Je ne parlerai pas de court-circuitage, mais il est arrivé qu'une remontée soit plus rapide que la mienne. Cela n'a toutefois pas perturbé les investigations et je n'ai pas été gênée dans la manière dont je souhaitais diriger l'enquête. C'est un constat que je peux faire.
Madame la Procureure, vous avez indiqué, à propos de la nomination des membres du parquet, que, selon l'opinion majoritaire des parquets généraux, le pouvoir de proposition du garde des sceaux devait être maintenu, au motif que ceux-ci appliquent une politique pénale. En quoi le fait de priver le garde des sceaux de son pouvoir de proposer des nominations remettrait-il en cause l'application de sa politique pénale ? Ce pouvoir ne met-il pas un tant soit peu en doute l'indépendance du parquet aux yeux de l'opinion publique et ne contribue-t-il pas, de ce fait, à le fragiliser ?

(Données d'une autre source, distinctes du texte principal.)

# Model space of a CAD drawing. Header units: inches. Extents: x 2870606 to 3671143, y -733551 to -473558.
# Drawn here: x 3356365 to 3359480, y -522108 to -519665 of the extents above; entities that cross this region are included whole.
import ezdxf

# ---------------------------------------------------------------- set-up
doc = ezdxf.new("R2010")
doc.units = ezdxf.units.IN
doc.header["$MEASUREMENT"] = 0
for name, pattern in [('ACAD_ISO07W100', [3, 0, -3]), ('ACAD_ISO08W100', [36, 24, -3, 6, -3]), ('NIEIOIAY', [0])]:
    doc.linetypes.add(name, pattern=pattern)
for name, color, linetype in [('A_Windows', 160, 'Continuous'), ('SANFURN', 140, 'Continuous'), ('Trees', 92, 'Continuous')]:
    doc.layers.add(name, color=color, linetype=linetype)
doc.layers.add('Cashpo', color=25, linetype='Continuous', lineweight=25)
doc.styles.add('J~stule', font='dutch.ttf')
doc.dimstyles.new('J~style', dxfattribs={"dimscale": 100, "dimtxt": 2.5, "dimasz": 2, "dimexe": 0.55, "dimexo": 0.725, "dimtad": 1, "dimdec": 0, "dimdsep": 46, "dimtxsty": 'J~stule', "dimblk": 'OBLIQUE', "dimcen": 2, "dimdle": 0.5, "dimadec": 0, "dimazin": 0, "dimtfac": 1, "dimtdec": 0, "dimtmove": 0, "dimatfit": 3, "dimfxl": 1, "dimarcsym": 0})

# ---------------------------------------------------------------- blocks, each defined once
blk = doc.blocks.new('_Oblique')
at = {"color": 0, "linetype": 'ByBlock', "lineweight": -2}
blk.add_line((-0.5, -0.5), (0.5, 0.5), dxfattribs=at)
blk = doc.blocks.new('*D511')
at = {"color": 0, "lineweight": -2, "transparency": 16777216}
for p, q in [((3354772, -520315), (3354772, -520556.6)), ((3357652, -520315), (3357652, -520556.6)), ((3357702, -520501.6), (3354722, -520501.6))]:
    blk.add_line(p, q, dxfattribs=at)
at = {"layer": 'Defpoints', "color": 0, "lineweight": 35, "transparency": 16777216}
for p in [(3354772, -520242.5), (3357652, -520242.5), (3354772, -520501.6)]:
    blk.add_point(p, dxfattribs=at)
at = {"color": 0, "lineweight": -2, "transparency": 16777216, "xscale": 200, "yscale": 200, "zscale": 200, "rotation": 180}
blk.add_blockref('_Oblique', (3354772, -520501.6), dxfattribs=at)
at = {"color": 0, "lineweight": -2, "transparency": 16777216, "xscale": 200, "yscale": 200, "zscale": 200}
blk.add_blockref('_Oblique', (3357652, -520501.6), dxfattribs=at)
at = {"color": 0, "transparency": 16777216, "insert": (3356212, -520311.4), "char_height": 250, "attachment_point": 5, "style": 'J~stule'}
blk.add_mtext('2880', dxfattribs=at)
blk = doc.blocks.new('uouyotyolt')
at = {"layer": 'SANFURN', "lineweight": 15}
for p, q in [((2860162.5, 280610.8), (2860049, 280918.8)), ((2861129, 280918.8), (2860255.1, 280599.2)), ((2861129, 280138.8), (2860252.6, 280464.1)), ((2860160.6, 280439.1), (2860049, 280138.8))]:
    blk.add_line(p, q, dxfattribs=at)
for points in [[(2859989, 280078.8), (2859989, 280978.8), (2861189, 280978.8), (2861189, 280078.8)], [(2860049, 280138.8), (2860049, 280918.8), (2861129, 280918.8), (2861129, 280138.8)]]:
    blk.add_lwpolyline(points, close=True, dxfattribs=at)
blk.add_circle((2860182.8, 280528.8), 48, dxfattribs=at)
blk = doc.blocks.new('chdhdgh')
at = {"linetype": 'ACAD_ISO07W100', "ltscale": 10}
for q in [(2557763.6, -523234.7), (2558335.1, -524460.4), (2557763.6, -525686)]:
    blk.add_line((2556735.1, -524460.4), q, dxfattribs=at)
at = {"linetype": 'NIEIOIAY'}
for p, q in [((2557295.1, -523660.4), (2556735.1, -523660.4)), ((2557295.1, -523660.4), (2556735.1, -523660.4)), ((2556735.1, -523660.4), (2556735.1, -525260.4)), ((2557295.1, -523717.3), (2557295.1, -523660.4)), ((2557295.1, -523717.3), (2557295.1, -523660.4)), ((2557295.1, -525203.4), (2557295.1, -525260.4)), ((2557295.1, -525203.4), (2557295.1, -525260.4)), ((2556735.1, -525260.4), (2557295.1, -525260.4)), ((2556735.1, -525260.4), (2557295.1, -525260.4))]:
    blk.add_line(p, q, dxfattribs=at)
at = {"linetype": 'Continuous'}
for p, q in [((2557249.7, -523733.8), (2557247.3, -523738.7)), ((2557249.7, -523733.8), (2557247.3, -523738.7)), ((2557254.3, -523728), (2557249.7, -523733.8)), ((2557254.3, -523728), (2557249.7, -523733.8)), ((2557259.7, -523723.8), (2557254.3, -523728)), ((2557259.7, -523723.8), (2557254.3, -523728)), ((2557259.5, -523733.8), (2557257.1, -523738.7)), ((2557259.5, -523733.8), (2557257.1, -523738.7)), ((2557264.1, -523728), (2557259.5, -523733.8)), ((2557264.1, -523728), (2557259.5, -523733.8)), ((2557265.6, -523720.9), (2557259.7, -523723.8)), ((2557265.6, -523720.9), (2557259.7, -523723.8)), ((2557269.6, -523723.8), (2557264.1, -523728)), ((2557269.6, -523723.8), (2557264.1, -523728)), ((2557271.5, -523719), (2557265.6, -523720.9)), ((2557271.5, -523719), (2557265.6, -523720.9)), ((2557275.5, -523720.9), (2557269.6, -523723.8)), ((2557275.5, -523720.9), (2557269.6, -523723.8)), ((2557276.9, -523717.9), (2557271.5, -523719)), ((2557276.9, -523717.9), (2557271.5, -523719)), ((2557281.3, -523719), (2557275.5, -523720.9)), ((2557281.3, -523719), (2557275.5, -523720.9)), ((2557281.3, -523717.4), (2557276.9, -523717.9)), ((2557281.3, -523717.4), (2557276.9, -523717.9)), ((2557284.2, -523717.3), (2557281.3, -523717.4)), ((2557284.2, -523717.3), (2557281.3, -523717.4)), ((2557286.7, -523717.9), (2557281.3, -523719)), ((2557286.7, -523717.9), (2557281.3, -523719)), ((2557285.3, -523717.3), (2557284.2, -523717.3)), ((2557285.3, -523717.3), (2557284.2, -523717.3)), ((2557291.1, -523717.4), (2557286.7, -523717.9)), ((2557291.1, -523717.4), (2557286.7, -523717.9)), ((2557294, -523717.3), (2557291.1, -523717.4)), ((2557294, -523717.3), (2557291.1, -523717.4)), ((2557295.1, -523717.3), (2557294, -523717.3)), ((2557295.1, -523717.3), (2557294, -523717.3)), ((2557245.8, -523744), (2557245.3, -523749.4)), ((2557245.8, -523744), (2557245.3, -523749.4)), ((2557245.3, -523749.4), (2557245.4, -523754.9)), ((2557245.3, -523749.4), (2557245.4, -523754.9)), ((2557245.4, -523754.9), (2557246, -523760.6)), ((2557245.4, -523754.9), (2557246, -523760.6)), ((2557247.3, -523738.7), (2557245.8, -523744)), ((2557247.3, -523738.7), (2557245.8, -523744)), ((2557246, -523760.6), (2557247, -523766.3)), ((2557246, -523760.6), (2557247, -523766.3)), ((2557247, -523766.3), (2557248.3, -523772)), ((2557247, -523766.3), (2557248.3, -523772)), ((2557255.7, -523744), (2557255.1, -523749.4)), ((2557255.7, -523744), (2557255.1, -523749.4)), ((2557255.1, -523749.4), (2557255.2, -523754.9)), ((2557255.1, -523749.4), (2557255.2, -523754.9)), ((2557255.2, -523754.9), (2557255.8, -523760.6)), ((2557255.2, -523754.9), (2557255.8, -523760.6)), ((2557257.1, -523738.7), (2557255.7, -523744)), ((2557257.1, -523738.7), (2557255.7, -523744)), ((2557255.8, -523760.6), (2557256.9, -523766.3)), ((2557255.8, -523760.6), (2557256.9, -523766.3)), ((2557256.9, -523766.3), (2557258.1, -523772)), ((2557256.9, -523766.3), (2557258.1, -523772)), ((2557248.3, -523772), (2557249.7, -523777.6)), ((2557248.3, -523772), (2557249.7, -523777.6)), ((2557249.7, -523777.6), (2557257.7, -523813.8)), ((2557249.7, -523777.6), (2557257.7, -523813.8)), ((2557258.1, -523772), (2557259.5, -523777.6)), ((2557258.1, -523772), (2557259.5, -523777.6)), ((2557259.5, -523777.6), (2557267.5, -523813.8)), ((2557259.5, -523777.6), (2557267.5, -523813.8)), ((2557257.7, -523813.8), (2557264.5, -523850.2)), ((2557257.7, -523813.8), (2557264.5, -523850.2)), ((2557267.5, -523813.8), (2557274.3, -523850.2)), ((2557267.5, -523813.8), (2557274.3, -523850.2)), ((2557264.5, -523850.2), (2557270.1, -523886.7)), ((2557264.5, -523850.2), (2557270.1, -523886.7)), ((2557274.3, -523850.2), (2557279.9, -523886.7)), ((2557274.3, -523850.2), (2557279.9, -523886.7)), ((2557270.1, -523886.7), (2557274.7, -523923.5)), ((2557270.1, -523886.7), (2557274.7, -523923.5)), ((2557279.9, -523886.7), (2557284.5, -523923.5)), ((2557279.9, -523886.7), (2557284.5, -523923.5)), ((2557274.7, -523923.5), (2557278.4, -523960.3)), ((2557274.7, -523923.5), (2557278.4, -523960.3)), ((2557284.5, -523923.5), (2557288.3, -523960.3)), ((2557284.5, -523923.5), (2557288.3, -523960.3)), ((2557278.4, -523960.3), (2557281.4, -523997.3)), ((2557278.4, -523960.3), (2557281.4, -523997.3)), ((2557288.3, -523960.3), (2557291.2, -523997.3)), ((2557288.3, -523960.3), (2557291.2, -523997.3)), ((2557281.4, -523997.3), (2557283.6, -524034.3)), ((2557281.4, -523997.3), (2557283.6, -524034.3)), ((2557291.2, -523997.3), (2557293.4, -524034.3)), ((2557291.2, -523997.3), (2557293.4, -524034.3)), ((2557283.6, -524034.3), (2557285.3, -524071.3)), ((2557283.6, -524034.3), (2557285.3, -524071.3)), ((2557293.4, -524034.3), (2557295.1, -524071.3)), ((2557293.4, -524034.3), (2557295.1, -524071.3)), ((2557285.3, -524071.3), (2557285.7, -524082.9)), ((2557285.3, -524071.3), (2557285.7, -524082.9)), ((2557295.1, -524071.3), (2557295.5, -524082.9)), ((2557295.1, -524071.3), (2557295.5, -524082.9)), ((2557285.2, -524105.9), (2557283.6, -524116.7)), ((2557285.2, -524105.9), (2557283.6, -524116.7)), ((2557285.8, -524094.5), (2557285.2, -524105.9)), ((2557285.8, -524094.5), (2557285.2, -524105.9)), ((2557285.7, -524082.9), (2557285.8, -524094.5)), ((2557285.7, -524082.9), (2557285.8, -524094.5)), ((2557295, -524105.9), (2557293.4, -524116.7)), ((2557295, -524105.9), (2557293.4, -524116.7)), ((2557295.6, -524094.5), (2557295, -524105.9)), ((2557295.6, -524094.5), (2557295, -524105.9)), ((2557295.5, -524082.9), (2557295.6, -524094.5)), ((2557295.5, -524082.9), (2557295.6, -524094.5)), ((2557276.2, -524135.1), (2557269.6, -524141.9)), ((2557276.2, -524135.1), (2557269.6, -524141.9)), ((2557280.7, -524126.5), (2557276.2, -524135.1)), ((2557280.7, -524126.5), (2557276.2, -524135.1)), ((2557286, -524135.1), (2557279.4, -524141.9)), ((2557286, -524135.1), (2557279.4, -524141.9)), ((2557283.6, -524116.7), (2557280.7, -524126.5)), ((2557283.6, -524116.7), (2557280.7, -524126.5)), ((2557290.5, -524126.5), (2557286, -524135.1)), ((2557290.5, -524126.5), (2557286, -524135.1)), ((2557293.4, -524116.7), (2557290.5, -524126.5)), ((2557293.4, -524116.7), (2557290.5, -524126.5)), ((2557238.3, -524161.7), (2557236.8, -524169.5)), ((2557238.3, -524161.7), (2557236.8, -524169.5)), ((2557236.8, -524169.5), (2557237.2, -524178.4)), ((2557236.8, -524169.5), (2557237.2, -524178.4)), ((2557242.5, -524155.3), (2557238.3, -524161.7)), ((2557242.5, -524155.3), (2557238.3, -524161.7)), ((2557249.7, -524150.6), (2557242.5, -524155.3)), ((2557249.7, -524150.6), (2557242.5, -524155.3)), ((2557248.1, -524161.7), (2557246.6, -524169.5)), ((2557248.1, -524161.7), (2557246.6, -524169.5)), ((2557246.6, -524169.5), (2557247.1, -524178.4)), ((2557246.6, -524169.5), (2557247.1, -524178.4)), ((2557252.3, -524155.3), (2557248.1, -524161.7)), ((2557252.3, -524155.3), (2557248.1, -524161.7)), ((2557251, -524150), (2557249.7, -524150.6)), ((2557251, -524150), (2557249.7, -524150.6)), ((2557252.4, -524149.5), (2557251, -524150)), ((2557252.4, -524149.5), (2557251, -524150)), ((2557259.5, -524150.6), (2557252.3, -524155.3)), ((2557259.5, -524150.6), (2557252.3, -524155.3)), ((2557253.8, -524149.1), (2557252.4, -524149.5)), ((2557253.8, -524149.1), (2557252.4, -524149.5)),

Si l'on part du haut de la pyramide, le garde des sceaux définit et met en œuvre la politique pénale du Gouvernement, qu'il appartient aux procureurs généraux d'appliquer. Ceux-ci adaptent cette politique à leurs territoires respectifs et l'affinent, ce qui leur ouvre une certaine indépendance vis-à-vis de la position adoptée par le Gouvernement. Si la conférence nationale des procureurs généraux souhaite majoritairement le maintien du pouvoir de proposition du garde des sceaux, c'est parce qu'elle estime que ce pouvoir est une garantie que les procureurs généraux veilleront à l'application de la politique pénale et que sera ainsi respectée l'égalité de traitement de nos concitoyens. On ne peut certes pas empêcher ces derniers de penser que le lien entre un membre du Gouvernement et ces magistrats est trop étroit.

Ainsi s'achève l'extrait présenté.